Ed ecco, quindi, che il documentario, girato in 8 mesi di corso, ci aiuta a conoscere i protagonisti, uomini diffidenti, che si nascondo dietro alla maschera della rabbia per mostrarsi più forti, finché dopo una serie di esercizi attoriali, respirazione, interazione di sguardi e coordinazione dei movimenti, le barriere si vanificano e i cuori si aprono, le emozioni diventano improvvisazione e, infine, si indossa davvero la maschera, ma quella di Arlecchino o Pulcinella. Perché proprio la Commedia dell’Arte? «Attraverso quei caratteri l’uomo oppresso dal carcere trova libertà espressiva. La Commedia dell’Arte di fatto è una storia universale che presenta tutte le dinamiche sociali, è una sfida al potere che vuole contrastare l’amore, ci sono i ricchi e i poveri e i servi che spesso la fanno in barba ai loro padroni».

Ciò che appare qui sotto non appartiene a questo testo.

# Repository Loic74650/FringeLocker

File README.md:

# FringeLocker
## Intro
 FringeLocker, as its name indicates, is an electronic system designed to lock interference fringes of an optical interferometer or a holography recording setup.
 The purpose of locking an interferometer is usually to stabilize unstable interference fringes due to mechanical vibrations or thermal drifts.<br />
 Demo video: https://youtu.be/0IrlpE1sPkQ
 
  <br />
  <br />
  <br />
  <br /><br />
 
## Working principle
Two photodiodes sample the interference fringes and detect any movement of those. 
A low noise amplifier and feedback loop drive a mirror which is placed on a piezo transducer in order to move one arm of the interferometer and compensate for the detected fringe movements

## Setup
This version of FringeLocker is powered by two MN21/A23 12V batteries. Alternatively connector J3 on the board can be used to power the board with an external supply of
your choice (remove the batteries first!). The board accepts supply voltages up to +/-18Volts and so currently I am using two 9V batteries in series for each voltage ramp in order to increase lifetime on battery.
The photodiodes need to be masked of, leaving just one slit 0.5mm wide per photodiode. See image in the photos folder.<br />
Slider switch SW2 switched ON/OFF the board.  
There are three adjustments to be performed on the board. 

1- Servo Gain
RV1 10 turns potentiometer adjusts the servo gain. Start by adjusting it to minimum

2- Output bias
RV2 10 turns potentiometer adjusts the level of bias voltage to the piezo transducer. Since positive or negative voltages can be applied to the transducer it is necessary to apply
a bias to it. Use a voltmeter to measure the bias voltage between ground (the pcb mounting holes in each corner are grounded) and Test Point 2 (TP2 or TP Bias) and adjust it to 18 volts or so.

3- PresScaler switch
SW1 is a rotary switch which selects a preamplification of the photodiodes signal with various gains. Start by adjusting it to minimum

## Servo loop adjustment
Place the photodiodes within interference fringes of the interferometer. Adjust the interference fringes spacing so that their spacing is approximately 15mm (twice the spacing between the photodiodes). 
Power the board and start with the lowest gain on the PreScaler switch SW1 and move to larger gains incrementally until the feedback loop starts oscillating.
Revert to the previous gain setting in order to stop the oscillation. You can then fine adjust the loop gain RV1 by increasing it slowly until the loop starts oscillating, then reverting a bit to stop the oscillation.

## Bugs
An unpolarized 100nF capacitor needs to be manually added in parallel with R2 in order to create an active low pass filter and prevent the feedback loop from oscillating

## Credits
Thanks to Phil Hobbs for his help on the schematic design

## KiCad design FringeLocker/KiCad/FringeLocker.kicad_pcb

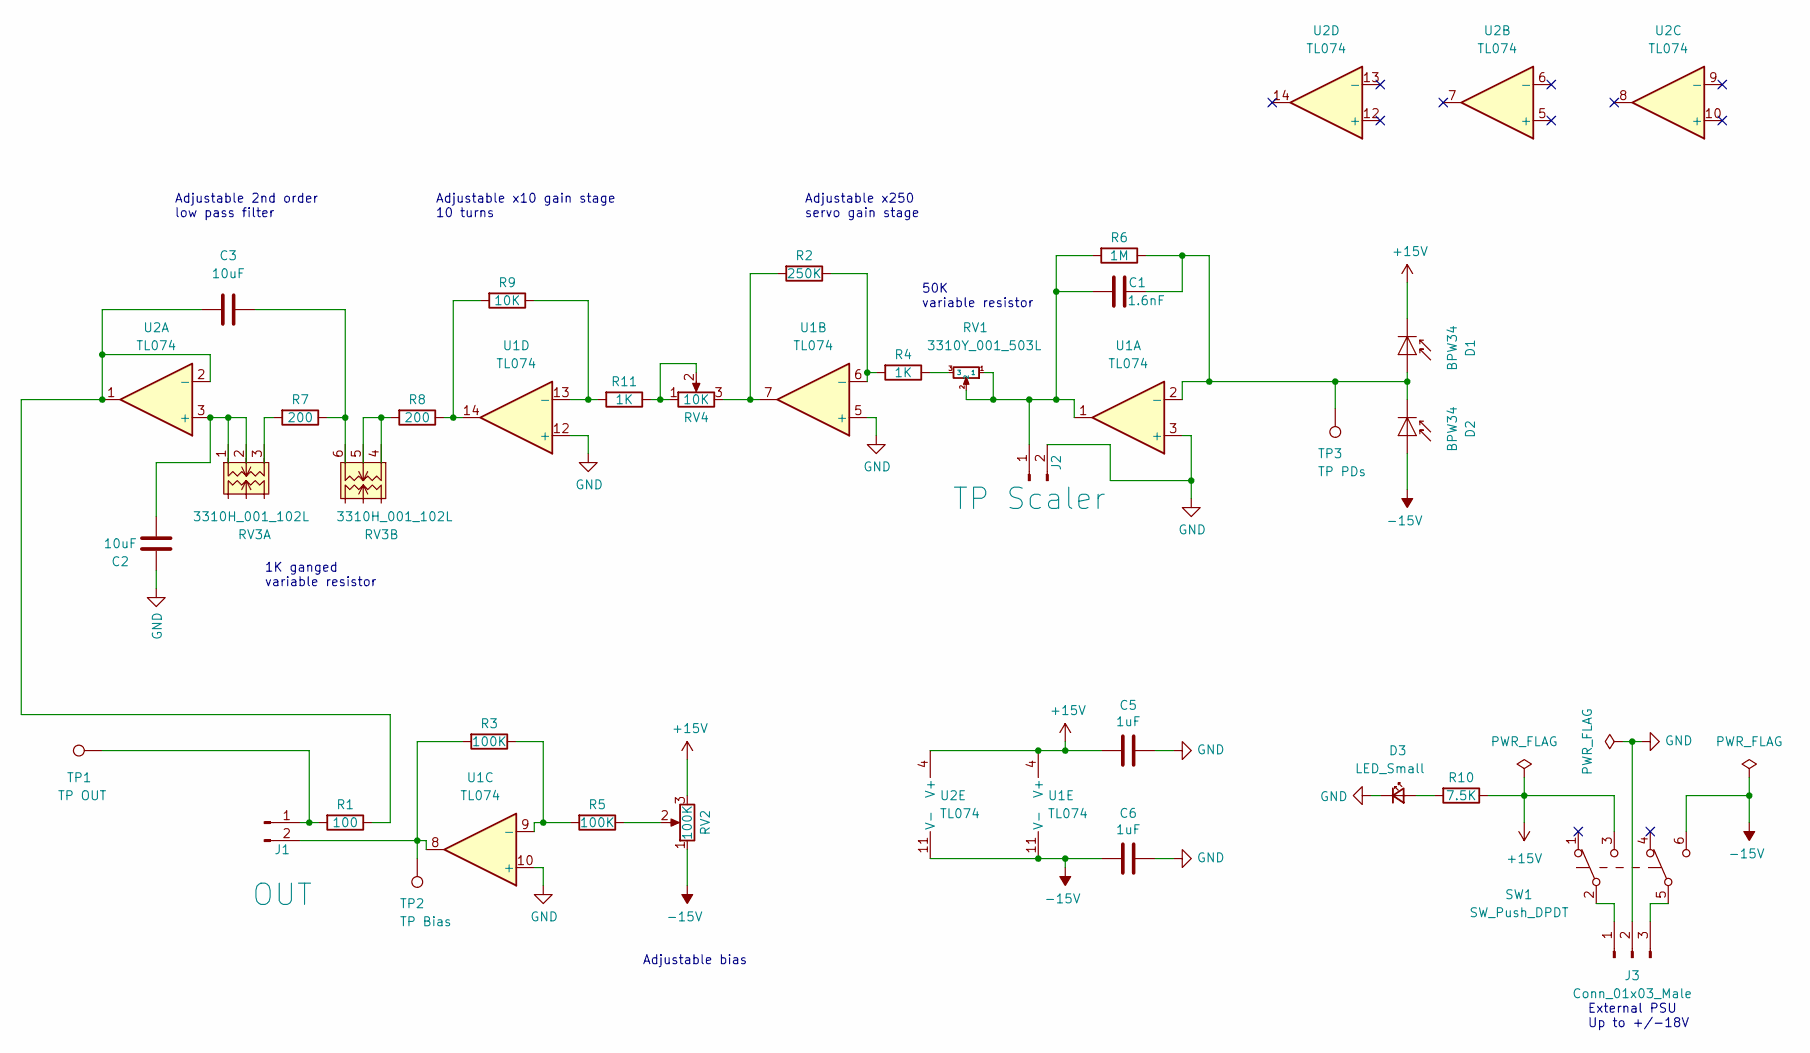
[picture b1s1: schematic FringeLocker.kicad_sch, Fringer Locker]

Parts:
C1: 1.6nF; C_0603_1608Metric_Pad1.08x0.95mm_HandSolder
C2, C3: 10uF; C_1210_3225Metric_Pad1.33x2.70mm_HandSolder
C5, C6: 1uF; C_0603_1608Metric_Pad1.08x0.95mm_HandSolder
D1, D2: BPW34; Osram_DIL2_4.3x4.65mm_P5.08mm
D3: LED_Small; LED_0805_2012Metric_Pad1.15x1.40mm_HandSolder
J1: OUT; PinHeader_1x02_P2.54mm_Vertical
J2: TP Scaler; PinHeader_1x02_P2.54mm_Vertical
J3: Conn_01x03_Male; PinHeader_1x03_P2.54mm_Vertical
R1: 100; R_0805_2012Metric_Pad1.20x1.40mm_HandSolder
R2: 250K; R_0805_2012Metric_Pad1.20x1.40mm_HandSolder
R3, R5: 100K; R_0805_2012Metric_Pad1.20x1.40mm_HandSolder
R4, R11: 1K; R_0805_2012Metric_Pad1.20x1.40mm_HandSolder
R6: 1M; R_0805_2012Metric_Pad1.20x1.40mm_HandSolder
R7, R8: 200; R_0805_2012Metric_Pad1.20x1.40mm_HandSolder
R9: 10K; R_0805_2012Metric_Pad1.20x1.40mm_HandSolder
R10: 7.5K; R_0805_2012Metric_Pad1.20x1.40mm_HandSolder
RV1: 3310Y_001_503L; Bourns3310Y
RV2: 100K; Potentiometer_Bourns_3266W_Vertical
RV3: 3310H_001_102L; Bourns3310H
RV4: 10K; Potentiometer_Bourns_3266W_Vertical
SW1: SW_Push_DPDT; SlideSwitchASE_DPDT
TP1: TP OUT; TestPoint_THTPad_D1.0mm_Drill0.5mm
TP2: TP Bias; TestPoint_THTPad_D1.0mm_Drill0.5mm
TP3: TP PDs; TestPoint_THTPad_D1.0mm_Drill0.5mm
U1, U2: TL074; SO-14_5.3x10.2mm_P1.27mm

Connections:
+15V: C5.1, D1.1 (K), R10.1, RV2.3, SW1.3 (C), U1.4 (V+), U2.4 (V+)
-15V: C6.1, D2.2 (A), RV2.1, SW1.6 (C), U1.11 (V-), U2.11 (V-)
GND: C2.2, C5.2, C6.2, D3.1 (K), J2.2, J3.2, U1.3 (+), U1.5 (+), U1.10 (+), U1.12 (+); also elsewhere on the board
unnamed: C1.1, J2.1, R6.2, RV1.1, RV1.2, U1.1
unnamed: C1.2, D1.2 (A), D2.1 (K), R6.1, TP3.1, U1.2 (-)
unnamed: C2.1, RV3.1 (A), RV3.2 (B), U2.3 (+)
unnamed: C3.1, R7.1, RV3.6 (F)
unnamed: C3.2, R1.1, U2.1, U2.2 (-)
unnamed: D3.2 (A), R10.2
unnamed: J1.1, R1.2, TP1.1
unnamed: J1.2, R3.2, TP2.1, U1.8
unnamed: J3.1, SW1.2 (B)
unnamed: J3.3, SW1.5 (B)
unnamed: R2.1, R4.2, U1.6 (-)
unnamed: R2.2, RV4.3, U1.7
unnamed: R3.1, R5.2, U1.9 (-)
unnamed: R4.1, RV1.3
unnamed: R5.1, RV2.2
unnamed: R7.2, RV3.3 (C)
unnamed: R8.1, R9.2, U1.14
unnamed: R8.2, RV3.4 (D), RV3.5 (E)
unnamed: R11.1, RV4.1, RV4.2
unnamed: R9.1, R11.2, U1.13 (-)

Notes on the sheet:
External PSU Up to +/-18V
Adjustable x10 gain stage 10 turns
Adjustable x250 servo gain stage
1K ganged variable resistor
Adjustable 2nd order low pass filter
50K variable resistor
Adjustable bias

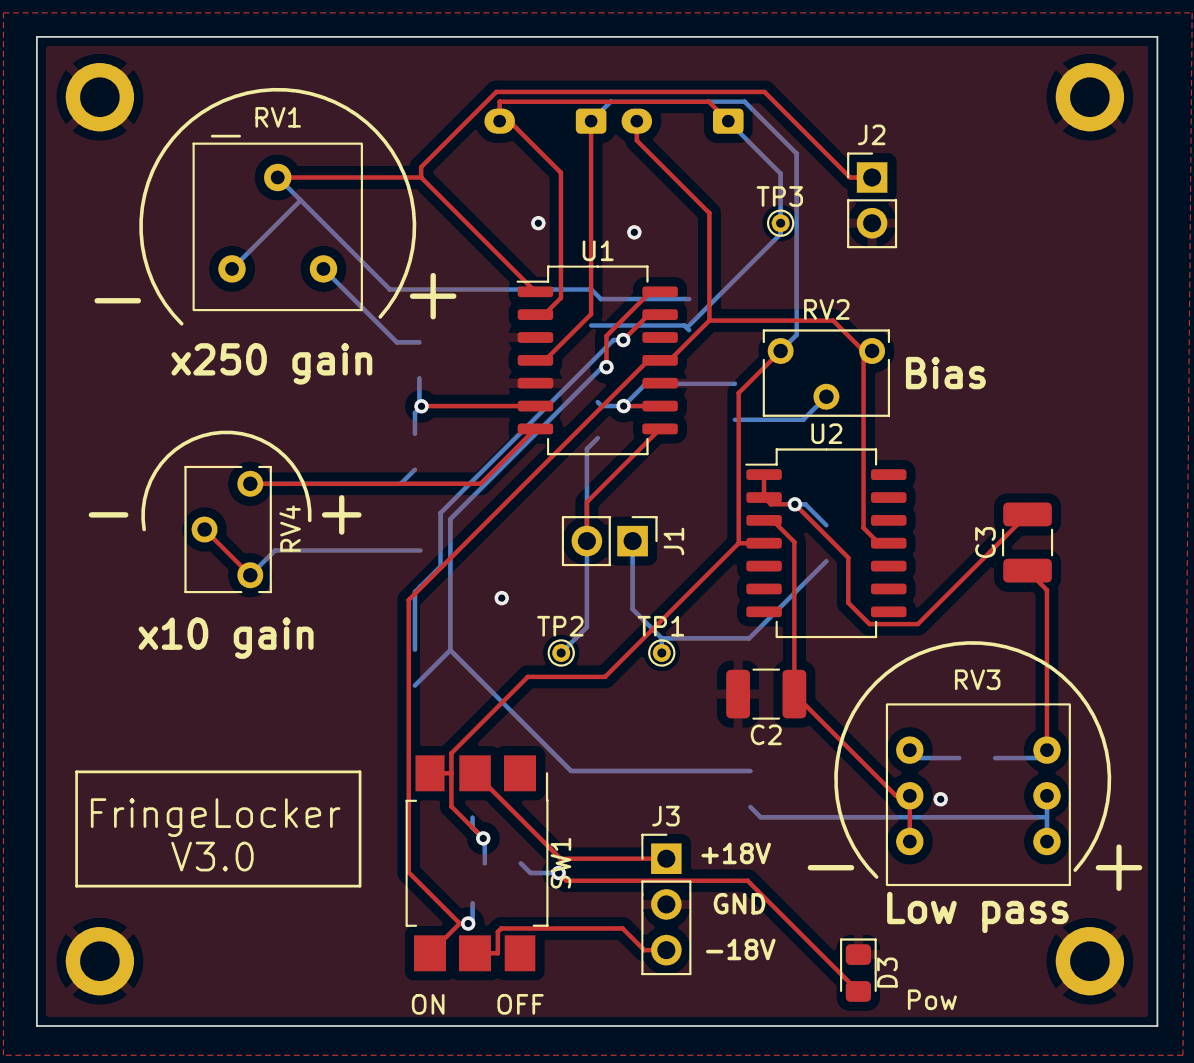
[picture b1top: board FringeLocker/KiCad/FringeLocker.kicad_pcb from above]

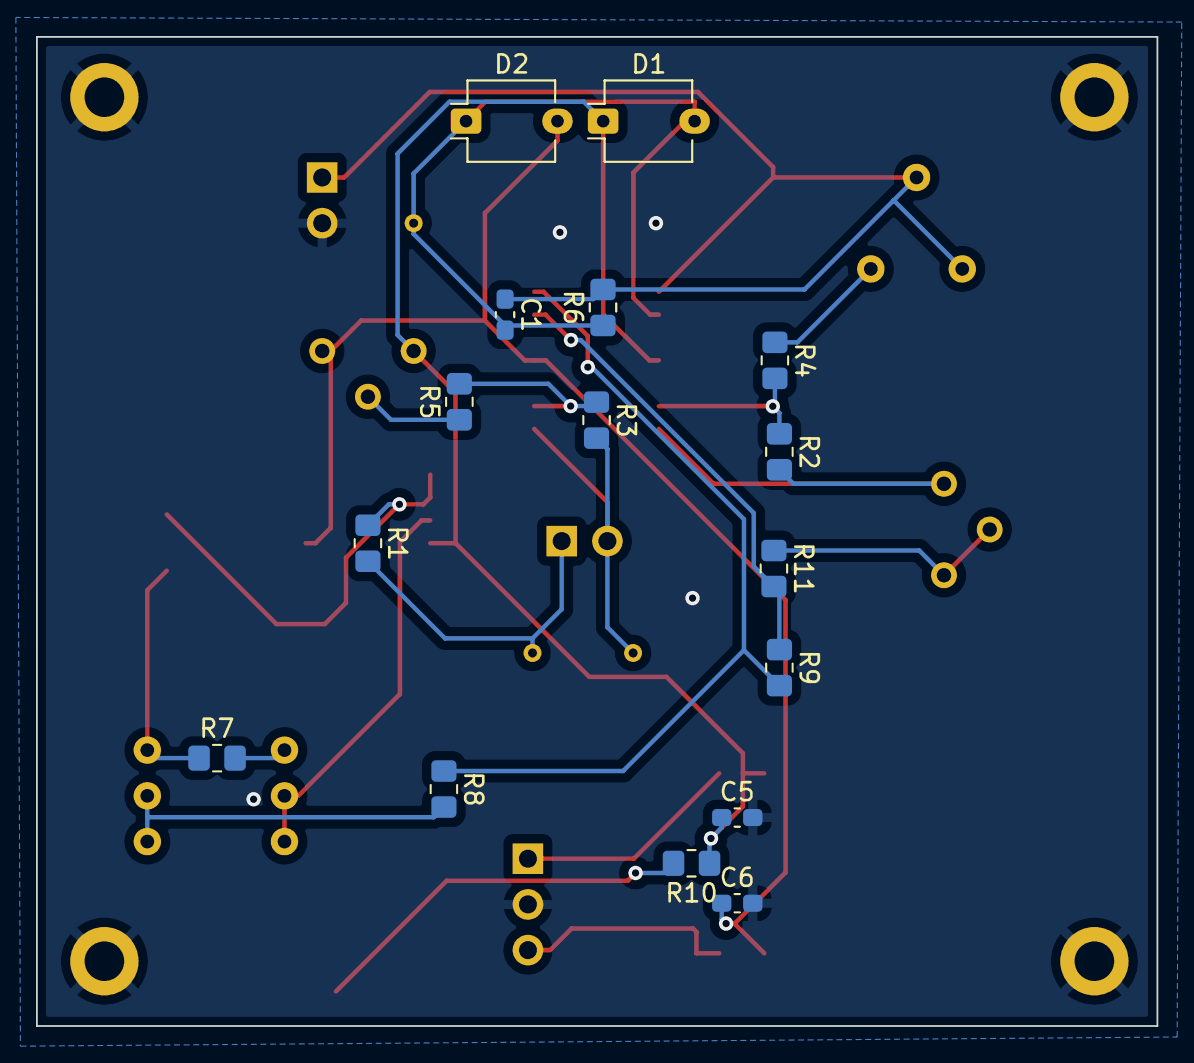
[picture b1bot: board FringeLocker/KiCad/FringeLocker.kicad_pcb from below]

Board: 2 copper layers, 62.2 x 54.9 mm, 36 parts (16 on the bottom side), 23 nets.

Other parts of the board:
REF1, REF2, REF3, REF4: MountingHole_2.2mm_M2_DIN965_Pad

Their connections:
GND: REF1.1, REF2.1, REF3.1, REF4.1; also elsewhere on the board

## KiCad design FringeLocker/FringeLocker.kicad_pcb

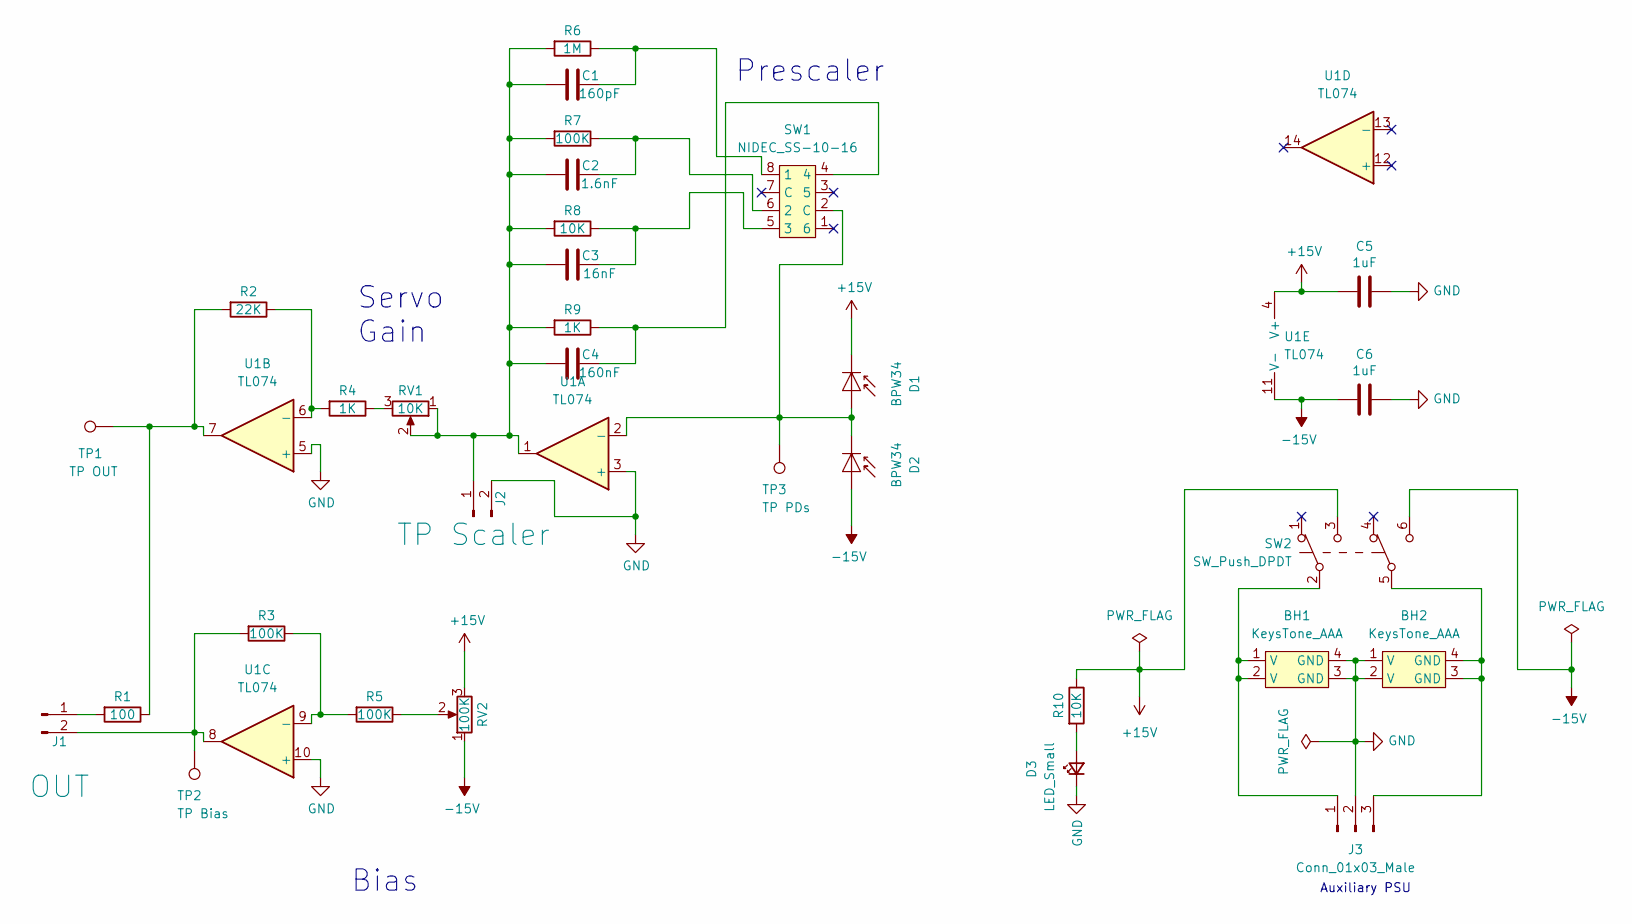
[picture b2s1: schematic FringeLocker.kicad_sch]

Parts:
BH1, BH2: KeysTone_AAA; Keystone_AAA
C1: 160pF; C_0603_1608Metric_Pad1.08x0.95mm_HandSolder
C2: 1.6nF; C_0603_1608Metric_Pad1.08x0.95mm_HandSolder
C3: 16nF; C_0603_1608Metric_Pad1.08x0.95mm_HandSolder
C4: 160nF; C_0603_1608Metric_Pad1.08x0.95mm_HandSolder
C5, C6: 1uF; C_0603_1608Metric_Pad1.08x0.95mm_HandSolder
D1, D2: BPW34; Osram_DIL2_4.3x4.65mm_P5.08mm
D3: LED_Small; LED_0402_1005Metric_Pad0.77x0.64mm_HandSolder
J1: OUT; PinHeader_1x02_P2.54mm_Vertical
J2: TP Scaler; PinHeader_1x02_P2.54mm_Vertical
J3: Conn_01x03_Male; PinHeader_1x03_P2.54mm_Vertical
R1: 100; R_0805_2012Metric_Pad1.20x1.40mm_HandSolder
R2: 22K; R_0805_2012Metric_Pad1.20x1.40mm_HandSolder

L’Italia ha un ruolo importante: «Siamo venuti a recitare a Spoleto e anche a Milano dove ho incontrato Dario Fo che è stato grande fonte di ispirazione». Il momento più tenero del documentario è quando i detenuti-attori, non senza timidezze e paure, portando in scena la loro commedia per i parenti che non vedono da molto tempo. Le lacrime delle madri, gli abbracci alle fidanzate e le risate con i figli dicono più di molte parole. «Le madri soprattutto vedono cambiati questi uomini prima pieni di rabbia in uomini nuovi – conclude Robbins – e ritrovano i bambini che hanno conosciuto. Questo per me vale tutto».